- **Task requirements**: Please tally the lines in the records that include the word "lineweight" and answer with the bare number.

**** Supplied data

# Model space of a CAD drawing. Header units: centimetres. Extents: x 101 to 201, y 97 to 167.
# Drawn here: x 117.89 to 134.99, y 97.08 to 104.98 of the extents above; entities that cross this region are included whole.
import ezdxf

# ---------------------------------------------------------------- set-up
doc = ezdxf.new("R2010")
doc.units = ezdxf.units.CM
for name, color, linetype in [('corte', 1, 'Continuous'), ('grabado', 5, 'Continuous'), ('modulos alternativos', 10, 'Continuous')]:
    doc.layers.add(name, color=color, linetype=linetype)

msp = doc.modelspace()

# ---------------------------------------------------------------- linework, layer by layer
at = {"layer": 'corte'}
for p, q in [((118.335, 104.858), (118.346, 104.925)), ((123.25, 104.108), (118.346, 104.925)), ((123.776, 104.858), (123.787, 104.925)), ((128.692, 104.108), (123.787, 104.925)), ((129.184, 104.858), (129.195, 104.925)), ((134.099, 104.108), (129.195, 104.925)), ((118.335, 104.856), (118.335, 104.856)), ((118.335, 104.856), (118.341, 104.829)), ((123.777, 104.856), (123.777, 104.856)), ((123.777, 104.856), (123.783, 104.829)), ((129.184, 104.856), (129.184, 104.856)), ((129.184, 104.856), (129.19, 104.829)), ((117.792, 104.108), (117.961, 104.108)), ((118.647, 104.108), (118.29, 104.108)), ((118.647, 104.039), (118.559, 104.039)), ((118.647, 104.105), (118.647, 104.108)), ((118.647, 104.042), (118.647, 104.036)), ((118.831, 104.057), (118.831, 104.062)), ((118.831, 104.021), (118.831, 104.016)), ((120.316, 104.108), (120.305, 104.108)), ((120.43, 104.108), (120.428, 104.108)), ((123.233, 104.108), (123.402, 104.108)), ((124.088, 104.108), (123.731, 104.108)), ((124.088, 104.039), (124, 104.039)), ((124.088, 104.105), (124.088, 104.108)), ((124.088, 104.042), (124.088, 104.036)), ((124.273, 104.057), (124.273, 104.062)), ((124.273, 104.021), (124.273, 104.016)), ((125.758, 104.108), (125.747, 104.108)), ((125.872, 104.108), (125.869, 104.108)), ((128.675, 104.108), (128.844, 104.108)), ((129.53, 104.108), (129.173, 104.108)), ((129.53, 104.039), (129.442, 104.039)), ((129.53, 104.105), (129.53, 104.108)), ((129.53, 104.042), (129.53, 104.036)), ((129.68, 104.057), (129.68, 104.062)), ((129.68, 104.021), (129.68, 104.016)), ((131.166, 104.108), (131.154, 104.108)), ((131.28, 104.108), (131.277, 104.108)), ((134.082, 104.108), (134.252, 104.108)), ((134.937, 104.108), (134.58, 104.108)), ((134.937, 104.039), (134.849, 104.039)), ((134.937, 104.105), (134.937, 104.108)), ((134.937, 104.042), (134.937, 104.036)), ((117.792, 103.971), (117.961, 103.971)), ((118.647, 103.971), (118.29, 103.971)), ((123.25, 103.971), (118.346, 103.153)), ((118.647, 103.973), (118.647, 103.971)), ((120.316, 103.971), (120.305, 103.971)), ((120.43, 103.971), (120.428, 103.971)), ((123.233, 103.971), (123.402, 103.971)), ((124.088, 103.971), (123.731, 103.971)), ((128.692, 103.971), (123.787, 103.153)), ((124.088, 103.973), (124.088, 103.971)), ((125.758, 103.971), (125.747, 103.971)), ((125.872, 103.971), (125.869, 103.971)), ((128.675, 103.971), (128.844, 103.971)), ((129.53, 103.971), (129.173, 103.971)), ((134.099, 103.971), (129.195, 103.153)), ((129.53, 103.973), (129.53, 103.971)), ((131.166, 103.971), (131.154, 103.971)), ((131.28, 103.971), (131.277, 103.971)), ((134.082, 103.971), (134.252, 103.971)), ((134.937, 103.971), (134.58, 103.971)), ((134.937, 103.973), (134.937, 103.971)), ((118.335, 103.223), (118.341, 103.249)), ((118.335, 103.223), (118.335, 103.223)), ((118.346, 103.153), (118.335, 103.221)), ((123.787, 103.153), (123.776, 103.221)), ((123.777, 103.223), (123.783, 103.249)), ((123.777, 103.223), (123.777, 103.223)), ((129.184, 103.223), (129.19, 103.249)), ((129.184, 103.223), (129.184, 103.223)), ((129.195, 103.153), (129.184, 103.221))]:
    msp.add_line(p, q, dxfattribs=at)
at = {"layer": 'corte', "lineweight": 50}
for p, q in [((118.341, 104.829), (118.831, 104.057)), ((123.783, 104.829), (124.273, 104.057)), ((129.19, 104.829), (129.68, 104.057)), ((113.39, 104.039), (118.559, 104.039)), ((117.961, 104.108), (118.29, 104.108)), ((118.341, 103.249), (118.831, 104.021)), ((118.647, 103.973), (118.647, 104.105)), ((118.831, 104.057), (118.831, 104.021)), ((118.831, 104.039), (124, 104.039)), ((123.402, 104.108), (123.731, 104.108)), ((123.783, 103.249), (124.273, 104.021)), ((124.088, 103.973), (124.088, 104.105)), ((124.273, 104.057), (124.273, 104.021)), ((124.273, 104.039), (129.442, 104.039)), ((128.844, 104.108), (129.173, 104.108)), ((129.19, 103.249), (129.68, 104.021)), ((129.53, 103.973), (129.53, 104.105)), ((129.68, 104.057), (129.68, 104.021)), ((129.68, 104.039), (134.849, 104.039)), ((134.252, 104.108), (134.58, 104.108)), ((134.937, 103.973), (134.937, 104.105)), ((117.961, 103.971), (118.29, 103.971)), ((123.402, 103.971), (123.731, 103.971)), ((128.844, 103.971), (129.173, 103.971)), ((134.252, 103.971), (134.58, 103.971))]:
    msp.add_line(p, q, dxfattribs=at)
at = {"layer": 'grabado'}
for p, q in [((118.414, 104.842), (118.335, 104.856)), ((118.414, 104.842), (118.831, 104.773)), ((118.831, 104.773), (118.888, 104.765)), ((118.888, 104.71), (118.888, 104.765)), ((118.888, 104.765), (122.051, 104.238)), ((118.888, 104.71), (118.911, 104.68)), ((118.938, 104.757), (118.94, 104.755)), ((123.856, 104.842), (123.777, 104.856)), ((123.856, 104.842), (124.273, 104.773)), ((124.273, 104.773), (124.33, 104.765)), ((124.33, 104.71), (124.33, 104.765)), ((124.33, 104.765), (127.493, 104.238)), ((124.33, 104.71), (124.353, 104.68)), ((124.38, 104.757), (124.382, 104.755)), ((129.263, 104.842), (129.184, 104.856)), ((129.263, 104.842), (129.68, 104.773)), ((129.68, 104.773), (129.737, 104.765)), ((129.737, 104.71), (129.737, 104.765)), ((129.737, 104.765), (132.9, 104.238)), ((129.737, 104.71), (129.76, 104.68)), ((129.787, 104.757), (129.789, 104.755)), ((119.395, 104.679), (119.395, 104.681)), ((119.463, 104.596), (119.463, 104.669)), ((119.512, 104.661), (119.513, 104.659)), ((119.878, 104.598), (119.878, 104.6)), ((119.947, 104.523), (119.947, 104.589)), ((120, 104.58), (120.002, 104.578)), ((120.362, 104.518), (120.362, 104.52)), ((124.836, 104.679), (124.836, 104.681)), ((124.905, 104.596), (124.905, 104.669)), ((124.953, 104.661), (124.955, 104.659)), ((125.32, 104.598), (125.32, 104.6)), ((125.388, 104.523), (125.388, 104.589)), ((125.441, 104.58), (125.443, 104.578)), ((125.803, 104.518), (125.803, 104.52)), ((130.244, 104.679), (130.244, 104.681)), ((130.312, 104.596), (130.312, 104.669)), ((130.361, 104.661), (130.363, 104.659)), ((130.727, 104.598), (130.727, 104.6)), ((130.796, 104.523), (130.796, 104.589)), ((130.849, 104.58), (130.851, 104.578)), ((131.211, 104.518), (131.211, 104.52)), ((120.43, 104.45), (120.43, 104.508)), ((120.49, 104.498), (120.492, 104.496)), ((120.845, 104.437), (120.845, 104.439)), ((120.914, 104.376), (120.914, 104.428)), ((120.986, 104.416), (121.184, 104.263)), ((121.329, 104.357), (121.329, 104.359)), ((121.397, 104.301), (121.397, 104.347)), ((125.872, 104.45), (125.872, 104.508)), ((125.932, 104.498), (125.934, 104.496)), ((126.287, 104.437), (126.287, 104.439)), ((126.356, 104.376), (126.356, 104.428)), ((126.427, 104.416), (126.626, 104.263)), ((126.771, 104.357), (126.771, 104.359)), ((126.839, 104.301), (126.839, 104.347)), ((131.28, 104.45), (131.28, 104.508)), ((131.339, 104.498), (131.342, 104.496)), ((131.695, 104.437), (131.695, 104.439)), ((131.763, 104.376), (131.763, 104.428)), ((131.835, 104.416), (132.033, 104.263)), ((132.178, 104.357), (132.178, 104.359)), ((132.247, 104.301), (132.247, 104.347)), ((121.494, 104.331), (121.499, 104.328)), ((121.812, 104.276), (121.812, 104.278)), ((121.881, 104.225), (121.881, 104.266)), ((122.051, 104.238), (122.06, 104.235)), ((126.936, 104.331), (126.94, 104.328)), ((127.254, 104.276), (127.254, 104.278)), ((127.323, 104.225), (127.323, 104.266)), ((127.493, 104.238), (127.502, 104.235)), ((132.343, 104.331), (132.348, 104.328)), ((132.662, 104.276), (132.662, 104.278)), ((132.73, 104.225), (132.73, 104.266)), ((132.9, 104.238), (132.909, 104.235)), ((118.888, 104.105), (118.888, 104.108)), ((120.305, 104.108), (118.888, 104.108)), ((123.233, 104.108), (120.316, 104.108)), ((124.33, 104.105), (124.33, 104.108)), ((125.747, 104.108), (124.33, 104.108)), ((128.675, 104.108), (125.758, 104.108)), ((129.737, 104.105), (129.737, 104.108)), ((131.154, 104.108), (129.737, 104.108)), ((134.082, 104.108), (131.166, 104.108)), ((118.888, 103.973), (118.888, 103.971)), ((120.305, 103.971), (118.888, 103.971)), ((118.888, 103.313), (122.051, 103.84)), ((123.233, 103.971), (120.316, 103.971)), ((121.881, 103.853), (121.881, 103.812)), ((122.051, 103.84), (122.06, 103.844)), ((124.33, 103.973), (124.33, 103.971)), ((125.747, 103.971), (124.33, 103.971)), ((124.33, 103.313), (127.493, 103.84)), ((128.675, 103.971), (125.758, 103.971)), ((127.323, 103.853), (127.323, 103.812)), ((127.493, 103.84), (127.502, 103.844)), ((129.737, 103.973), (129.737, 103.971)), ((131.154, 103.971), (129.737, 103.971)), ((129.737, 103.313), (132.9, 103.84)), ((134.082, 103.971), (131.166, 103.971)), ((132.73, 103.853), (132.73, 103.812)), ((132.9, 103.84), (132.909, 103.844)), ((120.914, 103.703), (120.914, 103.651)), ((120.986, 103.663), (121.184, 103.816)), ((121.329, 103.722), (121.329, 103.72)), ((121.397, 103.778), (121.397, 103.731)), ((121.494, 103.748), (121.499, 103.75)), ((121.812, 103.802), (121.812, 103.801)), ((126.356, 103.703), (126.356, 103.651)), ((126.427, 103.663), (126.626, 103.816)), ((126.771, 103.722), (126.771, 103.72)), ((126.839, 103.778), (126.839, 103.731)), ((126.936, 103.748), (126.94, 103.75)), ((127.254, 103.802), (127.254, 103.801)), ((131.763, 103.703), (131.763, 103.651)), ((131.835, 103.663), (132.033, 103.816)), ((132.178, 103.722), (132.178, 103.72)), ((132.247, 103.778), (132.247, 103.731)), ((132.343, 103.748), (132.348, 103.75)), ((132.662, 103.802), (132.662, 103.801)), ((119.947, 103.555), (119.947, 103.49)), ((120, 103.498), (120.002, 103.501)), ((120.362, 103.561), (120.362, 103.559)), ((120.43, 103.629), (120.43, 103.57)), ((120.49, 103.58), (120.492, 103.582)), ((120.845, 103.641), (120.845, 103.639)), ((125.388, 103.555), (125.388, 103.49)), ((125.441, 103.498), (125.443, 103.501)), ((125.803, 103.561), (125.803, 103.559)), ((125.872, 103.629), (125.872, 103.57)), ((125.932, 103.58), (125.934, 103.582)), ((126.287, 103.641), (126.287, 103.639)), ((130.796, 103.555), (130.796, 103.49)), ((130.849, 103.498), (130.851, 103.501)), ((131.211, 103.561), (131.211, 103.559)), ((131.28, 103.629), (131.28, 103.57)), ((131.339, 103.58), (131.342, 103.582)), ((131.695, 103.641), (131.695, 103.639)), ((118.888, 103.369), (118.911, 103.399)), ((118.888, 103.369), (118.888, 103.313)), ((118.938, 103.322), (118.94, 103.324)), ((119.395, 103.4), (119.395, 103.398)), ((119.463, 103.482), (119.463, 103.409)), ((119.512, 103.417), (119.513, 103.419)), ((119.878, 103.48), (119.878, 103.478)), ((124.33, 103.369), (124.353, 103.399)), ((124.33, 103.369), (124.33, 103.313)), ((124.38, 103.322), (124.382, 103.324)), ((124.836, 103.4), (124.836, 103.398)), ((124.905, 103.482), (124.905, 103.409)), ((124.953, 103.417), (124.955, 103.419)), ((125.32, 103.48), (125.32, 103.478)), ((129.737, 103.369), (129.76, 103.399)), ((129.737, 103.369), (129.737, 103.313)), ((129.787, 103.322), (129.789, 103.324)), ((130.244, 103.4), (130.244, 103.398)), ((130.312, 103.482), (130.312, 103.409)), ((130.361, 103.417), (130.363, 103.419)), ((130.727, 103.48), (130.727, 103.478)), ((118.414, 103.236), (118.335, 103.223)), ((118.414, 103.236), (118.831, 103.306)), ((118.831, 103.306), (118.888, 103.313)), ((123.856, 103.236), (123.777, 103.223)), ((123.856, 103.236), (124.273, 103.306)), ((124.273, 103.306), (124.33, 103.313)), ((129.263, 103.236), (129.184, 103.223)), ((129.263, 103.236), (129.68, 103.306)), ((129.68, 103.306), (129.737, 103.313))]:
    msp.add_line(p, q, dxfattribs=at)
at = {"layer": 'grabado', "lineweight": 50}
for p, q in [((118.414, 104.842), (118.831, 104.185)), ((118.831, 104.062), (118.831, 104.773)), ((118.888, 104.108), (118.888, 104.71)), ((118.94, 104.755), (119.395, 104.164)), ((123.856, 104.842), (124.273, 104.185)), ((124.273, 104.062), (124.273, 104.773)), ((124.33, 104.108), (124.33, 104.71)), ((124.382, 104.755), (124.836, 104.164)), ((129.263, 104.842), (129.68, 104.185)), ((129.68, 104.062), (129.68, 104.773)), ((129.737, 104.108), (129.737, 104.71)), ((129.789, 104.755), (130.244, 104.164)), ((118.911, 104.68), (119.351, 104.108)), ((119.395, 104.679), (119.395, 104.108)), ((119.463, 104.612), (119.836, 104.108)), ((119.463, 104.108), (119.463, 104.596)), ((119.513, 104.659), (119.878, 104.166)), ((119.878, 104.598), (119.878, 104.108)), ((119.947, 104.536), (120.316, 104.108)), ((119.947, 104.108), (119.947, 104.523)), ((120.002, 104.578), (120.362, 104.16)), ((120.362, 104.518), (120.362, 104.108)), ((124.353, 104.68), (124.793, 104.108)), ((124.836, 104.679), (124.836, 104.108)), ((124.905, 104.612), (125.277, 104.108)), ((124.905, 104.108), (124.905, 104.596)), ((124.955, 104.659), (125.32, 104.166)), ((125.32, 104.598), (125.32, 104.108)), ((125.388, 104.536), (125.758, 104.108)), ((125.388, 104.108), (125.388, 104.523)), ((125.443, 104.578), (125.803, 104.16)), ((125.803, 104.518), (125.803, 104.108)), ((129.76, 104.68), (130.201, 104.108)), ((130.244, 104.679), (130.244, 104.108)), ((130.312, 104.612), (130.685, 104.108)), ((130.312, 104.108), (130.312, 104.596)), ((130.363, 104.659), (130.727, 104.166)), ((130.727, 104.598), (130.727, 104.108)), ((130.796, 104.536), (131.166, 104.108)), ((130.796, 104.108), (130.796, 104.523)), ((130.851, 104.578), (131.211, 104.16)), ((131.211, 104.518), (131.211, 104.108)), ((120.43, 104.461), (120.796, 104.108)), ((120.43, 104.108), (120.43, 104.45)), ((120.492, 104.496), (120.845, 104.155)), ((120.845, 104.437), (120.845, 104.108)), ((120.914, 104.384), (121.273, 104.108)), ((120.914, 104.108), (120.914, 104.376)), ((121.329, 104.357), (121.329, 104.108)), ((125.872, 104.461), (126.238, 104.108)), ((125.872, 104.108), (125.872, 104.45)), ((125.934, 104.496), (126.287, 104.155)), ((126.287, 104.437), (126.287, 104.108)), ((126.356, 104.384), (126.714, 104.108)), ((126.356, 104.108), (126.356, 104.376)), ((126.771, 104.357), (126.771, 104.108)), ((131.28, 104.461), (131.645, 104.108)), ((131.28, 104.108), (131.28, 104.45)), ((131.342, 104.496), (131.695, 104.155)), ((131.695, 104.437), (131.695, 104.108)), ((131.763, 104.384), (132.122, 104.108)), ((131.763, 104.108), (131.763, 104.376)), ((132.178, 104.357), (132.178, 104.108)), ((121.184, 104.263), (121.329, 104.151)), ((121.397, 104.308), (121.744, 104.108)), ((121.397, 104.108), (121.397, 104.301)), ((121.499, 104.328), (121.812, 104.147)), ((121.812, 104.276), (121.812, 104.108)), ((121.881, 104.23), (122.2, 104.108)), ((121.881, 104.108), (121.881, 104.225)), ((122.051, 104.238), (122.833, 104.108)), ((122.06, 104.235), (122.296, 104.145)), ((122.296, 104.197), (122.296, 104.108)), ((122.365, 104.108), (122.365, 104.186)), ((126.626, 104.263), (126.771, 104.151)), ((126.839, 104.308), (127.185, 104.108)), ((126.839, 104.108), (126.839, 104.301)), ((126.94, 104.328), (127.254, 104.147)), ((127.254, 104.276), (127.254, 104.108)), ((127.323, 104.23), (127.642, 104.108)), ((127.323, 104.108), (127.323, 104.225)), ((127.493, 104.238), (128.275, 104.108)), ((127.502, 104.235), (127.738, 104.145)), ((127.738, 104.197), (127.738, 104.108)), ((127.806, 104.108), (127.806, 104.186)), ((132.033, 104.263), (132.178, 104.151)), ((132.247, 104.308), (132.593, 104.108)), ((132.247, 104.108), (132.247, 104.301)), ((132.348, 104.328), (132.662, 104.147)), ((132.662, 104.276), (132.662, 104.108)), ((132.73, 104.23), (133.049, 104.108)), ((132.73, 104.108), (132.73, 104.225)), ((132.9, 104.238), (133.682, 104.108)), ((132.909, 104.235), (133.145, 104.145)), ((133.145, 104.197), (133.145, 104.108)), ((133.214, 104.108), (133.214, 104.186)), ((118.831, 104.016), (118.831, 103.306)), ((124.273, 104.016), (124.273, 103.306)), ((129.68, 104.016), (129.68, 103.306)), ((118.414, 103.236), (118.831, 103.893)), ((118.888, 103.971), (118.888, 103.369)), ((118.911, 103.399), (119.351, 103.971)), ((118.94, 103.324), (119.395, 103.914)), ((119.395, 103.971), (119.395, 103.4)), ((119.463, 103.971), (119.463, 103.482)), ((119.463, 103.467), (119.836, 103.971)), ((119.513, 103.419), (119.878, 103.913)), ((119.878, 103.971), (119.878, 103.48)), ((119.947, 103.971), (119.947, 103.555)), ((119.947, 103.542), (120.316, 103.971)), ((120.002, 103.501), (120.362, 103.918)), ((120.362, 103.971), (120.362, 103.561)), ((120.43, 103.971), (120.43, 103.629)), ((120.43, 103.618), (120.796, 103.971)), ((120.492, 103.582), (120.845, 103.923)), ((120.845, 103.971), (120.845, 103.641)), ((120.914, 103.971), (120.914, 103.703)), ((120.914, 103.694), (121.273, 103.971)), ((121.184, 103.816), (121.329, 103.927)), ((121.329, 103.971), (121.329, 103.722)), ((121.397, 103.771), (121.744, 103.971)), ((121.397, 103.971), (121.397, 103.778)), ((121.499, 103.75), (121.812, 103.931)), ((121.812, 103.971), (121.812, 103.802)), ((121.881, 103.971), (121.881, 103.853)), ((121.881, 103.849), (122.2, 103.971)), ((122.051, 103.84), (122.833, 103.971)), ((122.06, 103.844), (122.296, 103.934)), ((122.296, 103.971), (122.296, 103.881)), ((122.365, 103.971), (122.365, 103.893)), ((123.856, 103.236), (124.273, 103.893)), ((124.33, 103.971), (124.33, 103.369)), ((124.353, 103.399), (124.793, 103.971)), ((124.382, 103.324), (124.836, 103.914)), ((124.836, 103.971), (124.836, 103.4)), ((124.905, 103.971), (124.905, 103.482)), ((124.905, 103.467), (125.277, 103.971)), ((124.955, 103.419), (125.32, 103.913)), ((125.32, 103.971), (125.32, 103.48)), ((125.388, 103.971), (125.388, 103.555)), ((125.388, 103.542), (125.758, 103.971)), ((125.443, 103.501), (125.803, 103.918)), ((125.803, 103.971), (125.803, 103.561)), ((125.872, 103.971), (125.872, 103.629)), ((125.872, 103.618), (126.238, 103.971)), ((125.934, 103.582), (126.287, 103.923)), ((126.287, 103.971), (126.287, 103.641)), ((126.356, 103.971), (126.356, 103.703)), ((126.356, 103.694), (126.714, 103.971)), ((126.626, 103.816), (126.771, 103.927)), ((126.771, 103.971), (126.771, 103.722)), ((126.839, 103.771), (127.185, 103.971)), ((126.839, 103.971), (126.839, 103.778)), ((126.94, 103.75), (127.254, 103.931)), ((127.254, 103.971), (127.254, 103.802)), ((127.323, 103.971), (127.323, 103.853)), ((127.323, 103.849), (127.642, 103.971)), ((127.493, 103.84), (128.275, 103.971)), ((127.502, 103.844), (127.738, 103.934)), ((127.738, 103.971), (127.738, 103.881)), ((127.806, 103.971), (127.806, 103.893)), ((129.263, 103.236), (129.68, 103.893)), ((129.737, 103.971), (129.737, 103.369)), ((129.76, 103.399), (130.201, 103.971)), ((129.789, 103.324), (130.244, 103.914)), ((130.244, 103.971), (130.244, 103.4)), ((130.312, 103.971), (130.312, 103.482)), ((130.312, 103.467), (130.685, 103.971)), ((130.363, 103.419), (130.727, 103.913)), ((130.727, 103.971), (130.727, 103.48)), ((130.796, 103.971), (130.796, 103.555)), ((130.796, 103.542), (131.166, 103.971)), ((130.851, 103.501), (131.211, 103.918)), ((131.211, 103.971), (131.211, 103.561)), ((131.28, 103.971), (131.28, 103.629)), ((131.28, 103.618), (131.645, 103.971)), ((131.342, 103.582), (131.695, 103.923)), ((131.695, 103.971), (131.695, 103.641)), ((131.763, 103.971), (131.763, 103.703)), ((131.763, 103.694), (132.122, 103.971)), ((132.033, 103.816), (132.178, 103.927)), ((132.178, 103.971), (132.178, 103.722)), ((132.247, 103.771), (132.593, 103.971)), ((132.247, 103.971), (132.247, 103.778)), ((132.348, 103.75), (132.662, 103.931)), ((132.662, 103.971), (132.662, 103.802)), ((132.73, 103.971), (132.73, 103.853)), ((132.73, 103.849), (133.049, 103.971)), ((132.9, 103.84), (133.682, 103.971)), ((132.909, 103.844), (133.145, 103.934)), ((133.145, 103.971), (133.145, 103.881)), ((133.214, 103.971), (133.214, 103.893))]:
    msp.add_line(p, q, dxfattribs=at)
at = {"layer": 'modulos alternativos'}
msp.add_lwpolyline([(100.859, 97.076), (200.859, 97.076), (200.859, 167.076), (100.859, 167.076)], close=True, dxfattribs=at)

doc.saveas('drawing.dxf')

********

- **Written answer**: 2